El fenómeno se extiende. En regiones como Biobío, Los Ríos y Magallanes, radios comunitarias y portales informativos están usando herramientas como Notion AI, Wordtune, Copy.ai y Google Gemini para optimizar flujos de trabajo. Algunos incluso exploran interfaces de voz con locutores virtuales.
¿Ayuda o atajo? Los dilemas éticos
Más allá de lo operativo, hay una pregunta de fondo: ¿puede la IA reemplazar el criterio periodístico? La respuesta, para la mayoría de expertos, es no.
“La inteligencia artificial puede redactar, pero no puede comprender el contexto político de una licitación trucha, ni entrevistar a una dirigenta, ni oler que algo no cuadra”, dice Jorge Pérez, periodista de investigación que trabajó años en radios regionales. “Lo que estamos viendo es una sustitución del periodista por el algoritmo en las tareas más básicas. Eso debilita el rol crítico de los medios”.
También hay alertas sobre la reproducción acrítica de información institucional. Muchas notas generadas por IA se basan en textos oficiales —municipalidades, carabineros, seremis— y no incluyen contrapuntos ni chequeo independiente. “Es el periodismo de copy-paste, ahora automatizado”, ironiza Pérez.
El riesgo de una doble precarización
La paradoja es que, en lugar de resolver la precarización del periodismo, la IA podría profundizarla. Menos periodistas contratados, más dependencia de herramientas externas, y contenidos genéricos que no construyen comunidad ni democracia.
Si no se regula el uso de IA en medios, vamos a tener portales repletos de contenido artificial, sin rostro, sin profundidad, sin alma. Y lo más grave: sin rendición de cuentas.
Por ahora, no hay marcos normativos claros en Chile para el uso de IA en medios. Ni exigencias de transparencia, ni límites sobre qué se puede automatizar y qué no.
El Colegio de Periodistas ha planteado la necesidad de discutir una ética de la inteligencia artificial en el oficio. Pero todo avanza más lento que los algoritmos.
Alternativas posibles: uso estratégico, no sustitutivo
Sin embargo, no todo es negativo. Algunos medios están explorando usos complementarios de la IA, sin desplazar a sus periodistas. Por ejemplo, en la Región de Los Lagos, un portal vecinal usa IA para ordenar bases de datos municipales y generar visualizaciones interactivas. En Tarapacá, una radio comunitaria la emplea para subtitular entrevistas y traducir contenidos al quechua.
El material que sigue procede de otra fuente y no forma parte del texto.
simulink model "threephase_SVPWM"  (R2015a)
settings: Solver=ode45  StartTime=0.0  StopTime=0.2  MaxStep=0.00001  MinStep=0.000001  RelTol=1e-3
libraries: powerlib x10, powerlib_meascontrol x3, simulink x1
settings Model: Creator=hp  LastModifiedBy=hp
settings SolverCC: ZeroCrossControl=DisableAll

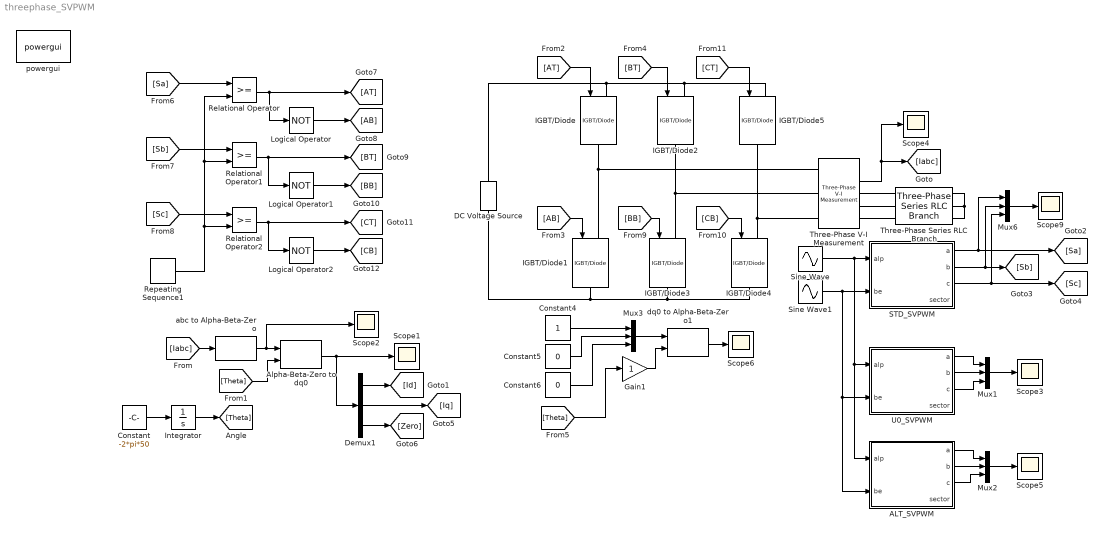
== system threephase_SVPWM ==
  ALT_SVPWM : MATLAB Function  TreatAsAtomicUnit=on
  Alpha-Beta-Zero to dq0 : powerlib_meascontrol/Transformations/Alpha-Beta-Zero to dq0  Alignment=Aligned with phase A axis
  Constant : Constant  Value=-2*pi*50
  Constant4 : Constant
  Constant5 : Constant  Value=0
  Constant6 : Constant  Value=0
  DC Voltage Source : powerlib/Electrical Sources/DC Voltage Source  Amplitude=400  Measurements=None
  Demux1 : Demux  Outputs=3
  Gain1 : Gain
  IGBT/Diode{,1..5} (6 alike) : powerlib/Power Electronics/IGBT//Diode  Ron=1e-3  Rs=1e5  Cs=inf  Measurements=off
  Integrator : Integrator
  Logical Operator : Logic  Operator=NOT  Inputs=1  AllPortsSameDT=off  OutDataTypeStr=boolean
  Logical Operator1 : Logic  Operator=NOT  Inputs=1  AllPortsSameDT=off  OutDataTypeStr=boolean
  Logical Operator2 : Logic  Operator=NOT  Inputs=1  AllPortsSameDT=off  OutDataTypeStr=boolean
  Mux{1..3,6} (4 alike) : Mux  Inputs=3
  Relational Operator : RelationalOperator  OutDataTypeStr=boolean
  Relational Operator1 : RelationalOperator  OutDataTypeStr=boolean
  Relational Operator2 : RelationalOperator  OutDataTypeStr=boolean
  Repeating Sequence1 : simulink/Sources/Repeating Sequence  rep_seq_t=[0 0.5 1]/1000  rep_seq_y=[0 1 0]
  STD_SVPWM : MATLAB Function  TreatAsAtomicUnit=on
  Scope{1..6,9} (7 alike) : Scope
      Scope1 settings: YMin=-22.5  YMax=7.5
      Scope2 settings: YMin=-25  YMax=25  SaveName=ScopeData2
      Scope3 settings: YMin=0  YMax=1
      Scope4 settings: YMin=-25  YMax=25  SaveName=ScopeData5
      Scope5 settings: YMin=0  YMax=1  SaveName=ScopeData3
      Scope6 settings: YMin=-1  YMax=1  SaveName=ScopeData6
      Scope9 settings: YMin=0  YMax=1  SaveName=ScopeData8
  Sine Wave : Sin  Frequency=2*pi*50  SampleTime=0
  Sine Wave1 : Sin  Frequency=2*pi*50  Phase=pi/2  SampleTime=0
  Three-Phase Series RLC Branch : powerlib/Elements/Three-Phase Series RLC Branch  LConnTagsString=A|B|C  RConnTagsString=A|B|C  BranchType=RLC  Resistance=10  Inductance=10e-3  Capacitance=0  Measurements=None
  Three-Phase V-I Measurement : powerlib/Measurements/Three-Phase V-I Measurement  VoltageMeasurement=phase-to-phase  SetLabelV=off  LabelV=Vabc  Vpu=off  VpuLL=off  CurrentMeasurement=yes  SetLabelI=off  LabelI=Iabc  Ipu=off  Pbase=100e6  Vbase=500e3  OutputType=Complex  PhasorSimulation=off  PSBequivalent=0
  U0_SVPWM : MATLAB Function  TreatAsAtomicUnit=on
  abc to Alpha-Beta-Zero : powerlib_meascontrol/Transformations/abc to Alpha-Beta-Zero
  dq0 to Alpha-Beta-Zero1 : powerlib_meascontrol/Transformations/dq0 to Alpha-Beta-Zero  Alignment=Aligned with phase A axis
  powergui : powerlib/powergui  Priority=1  SimulationMode=Continuous  SolverType=Tustin/Backward Euler (TBE)  SampleTime=2e-6  frequency=60  SPID=off  DisableSnubberDevices=off  DisableRonSwitches=off  DisableVfSwitches=off  SwTol=0  DisplayEquations=off  Interpol=off  methode=off  Ts=100  FunctionMessages=off  echomessages=off  HookPort=off  EnableUseOfTLC=off  x0status=blocks  frequencyindice=0  Pbase=100e6  ErrMax=1e-4  Iterations=50  UnitsV=kV  UnitsW=MW  buscounter=0  RestoreLinks=warning  ResistiveCurrentMeasurement=off  Frange=[0:2:500]  Ylog=off  Xlog=on  ShowGrid=off  save=off  variable=ZData  structure=0  ZoomFFT=off  StartTime=0.0  cycles=1  DisplayStyle=1  fundamental=60  FreqAxis=off  MaxFrequency=1000  frequencyindicesteady=1  RmsSteady=1  display=off
  wires:
  Three-Phase V-I Measurement/2 -> Scope4/1, [Iabc]
  [Iabc] -> abc to Alpha-Beta-Zero/1
  Alpha-Beta-Zero to dq0/1 -> Demux1/1, Scope1/1
  Constant/1 -> Integrator/1
  abc to Alpha-Beta-Zero/1 -> Scope2/1, Alpha-Beta-Zero to dq0/1
  Integrator/1 -> [Theta]
  [Theta] -> Alpha-Beta-Zero to dq0/2
  Demux1/1 -> [Id]
  Demux1/2 -> [Iq]
  Demux1/3 -> [Zero]
  dq0 to Alpha-Beta-Zero1/1 -> Scope6/1
  Mux3/1 -> dq0 to Alpha-Beta-Zero1/1
  Gain1/1 -> dq0 to Alpha-Beta-Zero1/2
  Constant4/1 -> Mux3/1
  Constant6/1 -> Mux3/3
  Constant5/1 -> Mux3/2
  [Theta] -> Gain1/1
  [Sa] -> Relational Operator/1
  Repeating Sequence1/1 -> Relational Operator2/2, Relational Operator/2, Relational Operator1/2
  [Sb] -> Relational Operator1/1
  [Sc] -> Relational Operator2/1
  Relational Operator/1 -> Logical Operator/1, [AT]
  Logical Operator/1 -> [AB]
  Relational Operator1/1 -> Logical Operator1/1, [BT]
  Logical Operator1/1 -> [BB]
  Relational Operator2/1 -> Logical Operator2/1, [CT]
  Logical Operator2/1 -> [CB]
  [AT] -> IGBT/Diode/1
  [AB] -> IGBT/Diode1/1
  [BT] -> IGBT/Diode2/1
  [BB] -> IGBT/Diode3/1
  [CB] -> IGBT/Diode4/1
  [CT] -> IGBT/Diode5/1
  STD_SVPWM/1(a) -> Mux6/1, [Sa]
  STD_SVPWM/2(b) -> Mux6/2, [Sb]
  STD_SVPWM/3(c) -> Mux6/3, [Sc]
  Mux6/1 -> Scope9/1
  U0_SVPWM/1(a) -> Mux1/1
  U0_SVPWM/2(b) -> Mux1/2
  U0_SVPWM/3(c) -> Mux1/3
  Mux1/1 -> Scope3/1
  Sine Wave/1 -> ALT_SVPWM/1(alp), U0_SVPWM/1(alp), STD_SVPWM/1(alp)
  Sine Wave1/1 -> ALT_SVPWM/2(be), U0_SVPWM/2(be), STD_SVPWM/2(be)
  Mux2/1 -> Scope5/1
  ALT_SVPWM/1(a) -> Mux2/1
  ALT_SVPWM/2(b) -> Mux2/2
  ALT_SVPWM/3(c) -> Mux2/3
  connections:
  Three-Phase Series RLC Branch/RConn1 -- Three-Phase Series RLC Branch/RConn2 -- Three-Phase Series RLC Branch/RConn3
  Three-Phase V-I Measurement/RConn1 -- Three-Phase Series RLC Branch/LConn1
  Three-Phase V-I Measurement/RConn2 -- Three-Phase Series RLC Branch/LConn2
  Three-Phase V-I Measurement/RConn3 -- Three-Phase Series RLC Branch/LConn3
  IGBT/Diode/RConn1 -- IGBT/Diode1/LConn1 -- Three-Phase V-I Measurement/LConn1
  IGBT/Diode2/RConn1 -- Three-Phase V-I Measurement/LConn2 -- IGBT/Diode3/LConn1
  IGBT/Diode5/RConn1 -- Three-Phase V-I Measurement/LConn3 -- IGBT/Diode4/LConn1
  IGBT/Diode1/RConn1 -- DC Voltage Source/LConn1 -- IGBT/Diode3/RConn1 -- IGBT/Diode4/RConn1
  IGBT/Diode/LConn1 -- IGBT/Diode2/LConn1 -- IGBT/Diode5/LConn1 -- DC Voltage Source/RConn1

== matlab function threephase_SVPWM/U0_SVPWM ==
  data: alp input; a output; be input; b output; c output; sector output
function [a,b,c,sector] = fcn(alp,be)
%#codegen
	sec_a=0,sec_b=0,sec_c=0;
	t_o = 0,ta = 0,tb = 0,tc = 0,tsec = 0;

    sec_a = be;										%Beta;
	sec_b = ((-be/2)+(alp*0.866));			%(-0.5*Beta+(0.866*alpha));
	sec_c = ((-be/2)-(alp*0.866));			%(-0.5*Beta-(0.866*alpha));
    
    if(sec_a>=0)
       if(sec_b>=0)
       												%	sector 1
    								%	t_1 = sec_b, t_2 =sec_a
    		ta = sec_a+sec_b;
    		tb  = sec_a;
    		tc  = 0;
            tsec = 1;
       else
            if(sec_c>=0)												%	sector 3
        								%	t_1 = sec_a, t_2 =sec_c
        		ta = 0;
        		tb = sec_a+sec_c;
        		tc = sec_c;
                tsec = 3;
            else												%	sector 2
        							%	t_1 = -sec_c, t_2 =-sec_b
        		ta = -sec_c;
        		tb = -(sec_c+sec_b);
        		tc = 0;
                tsec = 2;
            end
       end
    else
       if(sec_b>=0)
           if(sec_c>=0)                                                  %	sector 5
        						%	t_1 = sec_c, t_2 =sec_b
        		ta = sec_b;
        		tb = 0;
        		tc = sec_c+sec_b;
                tsec = 5;
           else                                                  %	sector 6
        	 				%	t_1 = -sec_a, t_2 =-sec_c
        		ta = -(sec_a+sec_c);
        		tb = 0;
        		tc = -sec_a;
                tsec = 6;
           end
       else
            if(sec_c>=0)                                      %	sector 4
        					%	t_1 = -sec_b, t_2 =-sec_a
        		ta = 0;
        		tb = -sec_b;
        		tc = -(sec_a+sec_b);
                tsec = 4;
            end
       end
    end
a = ta;
b = tb;
c = tc;
sector = tsec;

== matlab function threephase_SVPWM/STD_SVPWM ==
  data: alp input; a output; be input; b output; c output; sector output
function [a,b,c,sector] = fcn(alp,be)
%#codegen
	sec_a=0,sec_b=0,sec_c=0;
	t_o = 0,ta = 0,tb = 0,tc = 0,tsec = 0;

    sec_a = be;										%Beta;
	sec_b = ((-be/2)+(alp*0.866));			%(-0.5*Beta+(0.866*alpha));
	sec_c = ((-be/2)-(alp*0.866));			%(-0.5*Beta-(0.866*alpha));
    
    if(sec_a>=0)
       if(sec_b>=0)
       												%	sector 1
    		t_o = (1 - (sec_a+sec_b))/2;							%	t_1 = sec_b, t_2 =sec_a
    		ta = sec_a+sec_b+(t_o);
    		tb  = sec_a+(t_o);
    		tc  = (t_o);
            tsec = 1;
       else
            if(sec_c>=0)												%	sector 3
        		t_o = (1 - (sec_a+sec_c))/2;						%	t_1 = sec_a, t_2 =sec_c
        		ta = (t_o);
        		tb = sec_a+sec_c+(t_o);
        		tc = sec_c+(t_o);
                tsec = 3;
            else												%	sector 2
        		t_o = (1 + (sec_c+sec_b))/2;					%	t_1 = -sec_c, t_2 =-sec_b
        		ta = -sec_c+(t_o);
        		tb = -(sec_c+sec_b)+(t_o);
        		tc = (t_o);
                tsec = 2;
            end
       end
    else
       if(sec_b>=0)
           if(sec_c>=0)                                                  %	sector 5
        		t_o = (1 - (sec_c+sec_b))/2; 				%	t_1 = sec_c, t_2 =sec_b
        		ta = sec_b+(t_o);
        		tb = (t_o);
        		tc = sec_c+sec_b+(t_o);
                tsec = 5;
           else                                                  %	sector 6
        		t_o = (1 + (sec_a+sec_c))/2; 				%	t_1 = -sec_a, t_2 =-sec_c
        		ta = -(sec_a+sec_c)+(t_o);
        		tb = (t_o);
        		tc = -sec_a+(t_o);
                tsec = 6;
           end
       else
            if(sec_c>=0)                                      %	sector 4
        		t_o = (1 + (sec_a+sec_b))/2;			%	t_1 = -sec_b, t_2 =-sec_a
        		ta = (t_o);
        		tb = -sec_b+(t_o);
        		tc = -(sec_a+sec_b)+(t_o);
                tsec = 4;
            end
       end
    end
a = ta;
b = tb;
c = tc;
sector = tsec;

== matlab function threephase_SVPWM/ALT_SVPWM ==
  data: alp input; a output; be input; b output; c output; sector output
function [a,b,c,sector] = fcn(alp,be)
%#codegen
	sec_a=0,sec_b=0,sec_c=0;
	t_o = 0,ta = 0,tb = 0,tc = 0,tsec = 0;

    sec_a = be;										%Beta;
	sec_b = ((-be/2)+(alp*0.866));			%(-0.5*Beta+(0.866*alpha));
	sec_c = ((-be/2)-(alp*0.866));			%(-0.5*Beta-(0.866*alpha));
    
    if(sec_a>=0)
       if(sec_b>=0)
       												%	sector 1
    		t_o = (1 - (sec_a+sec_b))/2;							%	t_1 = sec_b, t_2 =sec_a
    		ta = 1;
    		tb  = sec_a+(t_o);
    		tc  = (t_o);
            tsec = 1;
       else
            if(sec_c>=0)												%	sector 3
        		t_o = (1 - (sec_a+sec_c))/2;						%	t_1 = sec_a, t_2 =sec_c
        		ta = (t_o);
        		tb = 1;
        		tc = sec_c+(t_o);
                tsec = 3;
            else												%	sector 2
        		t_o = (1 + (sec_c+sec_b))/2;					%	t_1 = -sec_c, t_2 =-sec_b
        		ta = -sec_c;
        		tb = -(sec_c+sec_b);
        		tc = 0;
                tsec = 2;
            end
       end
    else
       if(sec_b>=0)
           if(sec_c>=0)                                                  %	sector 5
        		t_o = (1 - (sec_c+sec_b))/2; 				%	t_1 = sec_c, t_2 =sec_b
        		ta = sec_b+(t_o);
        		tb = (t_o);
        		tc = 1;
                tsec = 5;
           else                                                  %	sector 6
        		t_o = (1 + (sec_a+sec_c))/2; 				%	t_1 = -sec_a, t_2 =-sec_c
        		ta = -(sec_a+sec_c);
        		tb = 0;
        		tc = -sec_a;
                tsec = 6;
           end
       else
            if(sec_c>=0)                                      %	sector 4
        		t_o = (1 + (sec_a+sec_b))/2;			%	t_1 = -sec_b, t_2 =-sec_a
        		ta = 0;
        		tb = -sec_b;
        		tc = -(sec_a+sec_b);
                tsec = 4;
            end
       end
    end
a = ta;
b = tb;
c = tc;
sector = tsec;

“El problema no es la IA. El problema es cómo se usa”, sentencia Jorge Pérez. “Si se convierte en una prótesis para un modelo ya debilitado, va a terminar por liquidarlo. Pero si se incorpora con conciencia editorial, puede ser una herramienta poderosa para el periodismo local”.
La disyuntiva está planteada: ¿la inteligencia artificial como solución para sostener medios regionales o como una trampa que consolida su vaciamiento?
En un país con brechas profundas de información y representación territorial, lo que está en juego no es solo la eficiencia: es el derecho a una información con rostro humano, mirada local y conciencia crítica.